Often Anderson’s poems are gently moving, helped by a plainspoken style unadorned by literary access. This is how her poem “Dakar” ends:

The beach is a short walk.

I play in the warm Atlantic surf

and notice it’s prayer time.

I turn myself

some way,

hands across chest,

suddenly many people shouting at me

this way, this way.

They point in unison

towards Mecca.

In a helpful preface, Anderson writes about Butoh and Islam: “My relationship to Islam is very much aligned with [Butoh creator] Hijikata’s raison d’être of Butoh—as a political and social expression of insurgency.” This insurgent side of her is evident in “Today for Jury Duty I Decide to Wear the Hijab.” The title already suggests so much! The last stanza ends: “One man stared furiously / I held my tongue / and smiled sweetly / like the good Muslim / that I am.” This is an unusual vignette. The actual writing, however, may be too plain, too bare. While the substance, the approach, the “meat” of this poem is indirect and leaves much unsaid, the actual wording perhaps comes up short: we are left with a fine anecdote rather than a poem we would choose to memorize if we were off to a desert island. On the other hand, if this piece were rewritten with more fastidious attention to sound, more powerful images and metaphors, then it would be perhaps a more literary poem that might, however, fail to communicate on a visceral human level, as it does now.

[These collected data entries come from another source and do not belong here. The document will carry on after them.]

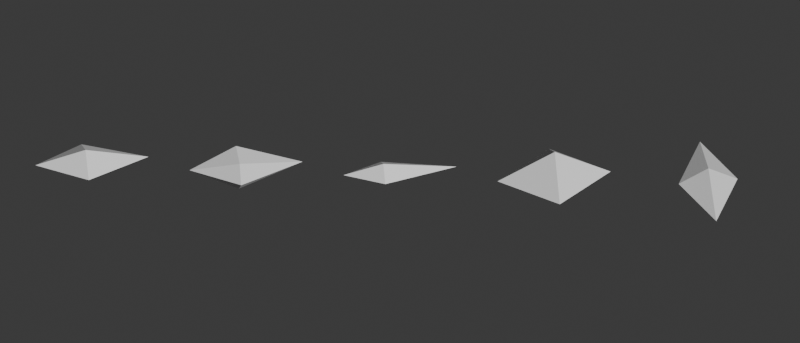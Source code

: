 # Source: GameplayEffects.blend  (saved by Blender 5.1.29; exported with 4.5.12 LTS)
import bpy
from mathutils import Matrix  # noqa: F401  (used for matrix-valued properties, if any)

bpy.ops.wm.read_factory_settings(use_empty=True)
scene = bpy.context.scene
scene.name = 'Scene'

# ---- collections
col_collection = bpy.data.collections.new('Collection'); scene.collection.children.link(col_collection)

# ---- materials (node trees are filled in below, after node groups)
mat_facet_light = bpy.data.materials.new('Facet_Light')
mat_facet_light.diffuse_color = (0.95, 0.95, 0.95, 1.0)
mat_facet_mid = bpy.data.materials.new('Facet_Mid')
mat_facet_mid.diffuse_color = (0.68, 0.68, 0.68, 1.0)
mat_facet_dark = bpy.data.materials.new('Facet_Dark')
mat_facet_dark.diffuse_color = (0.38, 0.38, 0.38, 1.0)
mat_refill_cyan = bpy.data.materials.new('Refill_Cyan')
mat_refill_cyan.diffuse_color = (0.08, 0.72, 1.0, 1.0)
mat_refill_blue = bpy.data.materials.new('Refill_Blue')
mat_refill_blue.diffuse_color = (0.025, 0.32, 0.62, 1.0)

# ---- material node trees
mat_facet_light.use_nodes = True; mat_facet_light.node_tree.nodes.clear()
_N = mat_facet_light.node_tree.nodes; _L = mat_facet_light.node_tree.links
n0 = _N.new('ShaderNodeBsdfPrincipled'); n0.name = 'プリンシプルBSDF'; n0.location = (-200, 100)
n1 = _N.new('ShaderNodeOutputMaterial'); n1.name = 'マテリアル出力'; n1.location = (200, 100)
_L.new(n0.outputs[0], n1.inputs[0])
n1.is_active_output = True
mat_facet_mid.use_nodes = True; mat_facet_mid.node_tree.nodes.clear()
_N = mat_facet_mid.node_tree.nodes; _L = mat_facet_mid.node_tree.links
n0 = _N.new('ShaderNodeBsdfPrincipled'); n0.name = 'プリンシプルBSDF'; n0.location = (-200, 100)
n1 = _N.new('ShaderNodeOutputMaterial'); n1.name = 'マテリアル出力'; n1.location = (200, 100)
_L.new(n0.outputs[0], n1.inputs[0])
n1.is_active_output = True
mat_facet_dark.use_nodes = True; mat_facet_dark.node_tree.nodes.clear()
_N = mat_facet_dark.node_tree.nodes; _L = mat_facet_dark.node_tree.links
n0 = _N.new('ShaderNodeBsdfPrincipled'); n0.name = 'プリンシプルBSDF'; n0.location = (-200, 100)
n1 = _N.new('ShaderNodeOutputMaterial'); n1.name = 'マテリアル出力'; n1.location = (200, 100)
_L.new(n0.outputs[0], n1.inputs[0])
n1.is_active_output = True
mat_refill_cyan.use_nodes = True; mat_refill_cyan.node_tree.nodes.clear()
_N = mat_refill_cyan.node_tree.nodes; _L = mat_refill_cyan.node_tree.links
n0 = _N.new('ShaderNodeBsdfPrincipled'); n0.name = 'プリンシプルBSDF'; n0.location = (-200, 100)
n1 = _N.new('ShaderNodeOutputMaterial'); n1.name = 'マテリアル出力'; n1.location = (200, 100)
_L.new(n0.outputs[0], n1.inputs[0])
n1.is_active_output = True
mat_refill_blue.use_nodes = True; mat_refill_blue.node_tree.nodes.clear()
_N = mat_refill_blue.node_tree.nodes; _L = mat_refill_blue.node_tree.links
n0 = _N.new('ShaderNodeBsdfPrincipled'); n0.name = 'プリンシプルBSDF'; n0.location = (-200, 100)
n1 = _N.new('ShaderNodeOutputMaterial'); n1.name = 'マテリアル出力'; n1.location = (200, 100)
_L.new(n0.outputs[0], n1.inputs[0])
n1.is_active_output = True

# ---- world
world_world = bpy.data.worlds.new('World'); scene.world = world_world
world_world.use_nodes = True; world_world.node_tree.nodes.clear()
_N = world_world.node_tree.nodes; _L = world_world.node_tree.links
n0 = _N.new('ShaderNodeOutputWorld'); n0.name = 'World Output'; n0.location = (200, 100)
n1 = _N.new('ShaderNodeBackground'); n1.name = 'Background'; n1.location = (-200, 100)
n1.inputs[0].default_value = (0.05088, 0.05088, 0.05088, 1.0)
_L.new(n1.outputs[0], n0.inputs[0])
n0.is_active_output = True
world_world.color = (0.018, 0.025, 0.04)
world_world.sun_shadow_jitter_overblur = 0.0

# ---- cameras
cam_x = bpy.data.cameras.new('カメラ')
cam_x.type = 'ORTHO'
cam_x.ortho_scale = 14.0

# ---- meshes
me_effect_shard = bpy.data.meshes.new('effect_shard')
me_effect_shard.from_pydata([(-1.0, 0.0, 0.03), (1.0, 0.0, 0.0), (-0.12, 0.45, 0.0), (-0.12, 2.755e-17, 0.3), (-0.12, -0.45, 3.674e-17), (-0.12, -8.266e-17, -0.3)], [], [(0, 3, 2), (1, 2, 3), (0, 4, 3), (1, 3, 4), (0, 5, 4), (1, 4, 5), (0, 2, 5), (1, 5, 2)])
me_effect_shard.polygons.foreach_set('material_index', [0, 1, 2, 0, 1, 2, 0, 1])
me_effect_shard.materials.append(mat_facet_light)
me_effect_shard.materials.append(mat_facet_mid)
me_effect_shard.materials.append(mat_facet_dark)
me_effect_shard.update()
me_crystal_projectile = bpy.data.meshes.new('crystal_projectile')
me_crystal_projectile.from_pydata([(-1.0, 0.0, 0.03), (1.0, 0.0, 0.0), (-0.15, 0.45, 0.0), (-0.15, 0.225, 0.3031), (-0.15, -0.225, 0.3031), (-0.15, -0.45, 4.286e-17), (-0.15, -0.225, -0.3031), (-0.15, 0.225, -0.3031)], [], [(0, 3, 2), (1, 2, 3), (0, 4, 3), (1, 3, 4), (0, 5, 4), (1, 4, 5), (0, 6, 5), (1, 5, 6), (0, 7, 6), (1, 6, 7), (0, 2, 7), (1, 7, 2)])
me_crystal_projectile.polygons.foreach_set('material_index', [0, 1, 2, 0, 1, 2, 0, 1, 2, 0, 1, 2])
me_crystal_projectile.materials.append(mat_facet_light)
me_crystal_projectile.materials.append(mat_facet_mid)
me_crystal_projectile.materials.append(mat_facet_dark)
me_crystal_projectile.update()
me_lance_projectile = bpy.data.meshes.new('lance_projectile')
me_lance_projectile.from_pydata([(-1.0, 0.0, 0.03), (1.0, 0.0, 0.0), (-0.3, 0.28, 0.0), (-0.3, 1.715e-17, 0.22), (-0.3, -0.28, 2.694e-17), (-0.3, -5.144e-17, -0.22)], [], [(0, 3, 2), (1, 2, 3), (0, 4, 3), (1, 3, 4), (0, 5, 4), (1, 4, 5), (0, 2, 5), (1, 5, 2)])
me_lance_projectile.polygons.foreach_set('material_index', [0, 1, 2, 0, 1, 2, 0, 1])
me_lance_projectile.materials.append(mat_facet_light)
me_lance_projectile.materials.append(mat_facet_mid)
me_lance_projectile.materials.append(mat_facet_dark)
me_lance_projectile.update()
me_ambient_grain = bpy.data.meshes.new('ambient_grain')
me_ambient_grain.from_pydata([(1.0, 0.0, 0.0), (-1.0, 0.0, 0.0), (0.0, 0.7, 0.0), (0.0, -0.7, 0.0), (0.0, 0.0, 0.6), (0.0, 0.0, -0.6)], [], [(0, 2, 4), (2, 1, 4), (1, 3, 4), (3, 0, 4), (2, 0, 5), (1, 2, 5), (3, 1, 5), (0, 3, 5)])
me_ambient_grain.polygons.foreach_set('material_index', [0, 1, 2, 0, 1, 2, 0, 1])
me_ambient_grain.materials.append(mat_facet_light)
me_ambient_grain.materials.append(mat_facet_mid)
me_ambient_grain.materials.append(mat_facet_dark)
me_ambient_grain.update()
me_refill_crystal = bpy.data.meshes.new('refill_crystal')
me_refill_crystal.from_pydata([(0.0, 1.0, 0.0), (0.0, -1.0, 0.0), (-0.52, 0.0, 0.0), (0.52, 0.0, 0.0), (0.0, 0.0, 0.32), (0.0, 0.0, -0.32)], [], [(0, 2, 4), (0, 4, 3), (0, 3, 5), (0, 5, 2), (1, 4, 2), (1, 3, 4), (1, 5, 3), (1, 2, 5)])
me_refill_crystal.polygons.foreach_set('material_index', [0, 1, 0, 1, 0, 1, 0, 1])
me_refill_crystal.materials.append(mat_refill_cyan)
me_refill_crystal.materials.append(mat_refill_blue)
me_refill_crystal.update()

# ---- objects
ob_effect_shard = bpy.data.objects.new('effect_shard', me_effect_shard)
ob_crystal_projectile = bpy.data.objects.new('crystal_projectile', me_crystal_projectile)
ob_lance_projectile = bpy.data.objects.new('lance_projectile', me_lance_projectile)
ob_ambient_grain = bpy.data.objects.new('ambient_grain', me_ambient_grain)
ob_refill_crystal = bpy.data.objects.new('refill_crystal', me_refill_crystal)
ob_asset_preview = bpy.data.objects.new('Asset_Preview', cam_x)

# ---- transforms, parenting, visibility, modifiers, constraints
ob_effect_shard.location = (0.0, 0.0, 0.0)
ob_effect_shard.rotation_euler = (0.15, 0.0, 0.2)
ob_effect_shard.color = (0.12, 0.65, 1.0, 1.0)
ob_crystal_projectile.location = (2.7, 0.0, 0.0)
ob_crystal_projectile.rotation_euler = (0.15, 0.0, 0.2)
ob_crystal_projectile.color = (1.0, 0.38, 0.06, 1.0)
ob_lance_projectile.location = (5.4, 0.0, 0.0)
ob_lance_projectile.rotation_euler = (0.15, 0.0, 0.2)
ob_lance_projectile.color = (1.0, 0.6, 0.15, 1.0)
ob_ambient_grain.location = (8.1, 0.0, 0.0)
ob_ambient_grain.rotation_euler = (0.15, 0.0, 0.2)
ob_ambient_grain.color = (0.4, 0.85, 1.0, 1.0)
ob_refill_crystal.location = (10.8, 0.0, 0.0)
ob_refill_crystal.rotation_euler = (0.15, 0.0, 0.2)
ob_refill_crystal.color = (0.08, 0.85, 1.0, 1.0)
ob_asset_preview.location = (6.0, -11.0, 8.0)
ob_asset_preview.rotation_euler = (0.9427, 1.576e-09, 0.05449)

# ---- collection membership
col_collection.objects.link(ob_effect_shard)
col_collection.objects.link(ob_crystal_projectile)
col_collection.objects.link(ob_lance_projectile)
col_collection.objects.link(ob_ambient_grain)
col_collection.objects.link(ob_refill_crystal)
col_collection.objects.link(ob_asset_preview)

# ---- scene / render settings (as saved in the file)
scene.camera = ob_asset_preview
scene.frame_start = 1; scene.frame_end = 250; scene.frame_set(1)
scene.render.engine = 'BLENDER_WORKBENCH'
scene.render.resolution_x = 1400
scene.render.resolution_y = 600
scene.render.bake_bias = 0.0
scene.render.bake_samples = 0
scene.cycles.sampling_pattern = 'TABULATED_SOBOL'
scene.eevee.use_volume_custom_range = False
bpy.context.view_layer.update()

# ---- added for rendering (the .blend has no usable light): sun
light_auto_sun = bpy.data.lights.new('AutoSun', 'SUN')
light_auto_sun.energy = 3.0
light_auto_sun.angle = 0.0523599
ob_auto_sun = bpy.data.objects.new('AutoSun', light_auto_sun)
scene.collection.objects.link(ob_auto_sun)
ob_auto_sun.rotation_euler = (0.872665, 0.174533, 0.523599)
bpy.context.view_layer.update()

Each section begins with a “Butoh” poem that serves, like the preface, to set the stage for what is to come; these poems seem to have been written especially for this collection and contain little fresh writing. However, they do help—along with fine illustrations and an accompanying CD of wild music—to give the book remarkable unity.

And when Anderson wants to be more literary, she does a good job of it, without ever falling into pretentiousness. “Death Fugue for Palestine” (an irony indeed!) has an obvious antecedent. Interestingly, the more stylistically adventurous poems appear in the section dedicated to political poems not only about the Arab/Israeli conflict in our own day but also Japanese internment camps, U.S. imperialism and cultural cluelessness. “Take Me to the River” is a fine example Anderson’s talent; here is an excerpt:

when you go down to the lake

the pond

the beach

go down to the pool

when you go down to the cantina

down to the bar

when you go down to the pool hall

down to the brothel

to the boardroom

to the bank

the White House

when you go down to the snake pit

to the dog race

when you go down to the cock fright

to the casino

the bordello

go down to the RNC

when you go down to the cesspool

We live in a new era in this country in which we have begun to move beyond the much-loved Judeo-Christian white male poet-heroes who dominated in the middle of the last century. Anderson—with her eye to the Near East as well as the Far East—is a living example of the new directions we are heading in. And what better environment for this art to thrive in than diverse Los Angeles? In this sense, Anderson’s LA street poems provide the perfect starting-points for her musings on culture and the state of the world. Here are the last stanzas of “Shoe Poem”:

A Thai Elvis impersonator

shot Cambodian gangsters

for showing the soles of their shoes

while he performed


Some claim it is against

the law to drive barefoot

in California


A Christian missionary washes

the feet of a homeless man

in a Vons parking lot


This country, indeed this world, with all the changes it is undergoing, can be a confusing, even a bewildering place. And yet through all these changes, all this confusion and strife, Anderson is always at the ready with her notebook, her beautifully chosen details, her unique biography, her faith, and her years of immersion in modern dance and the art and craft of poetry.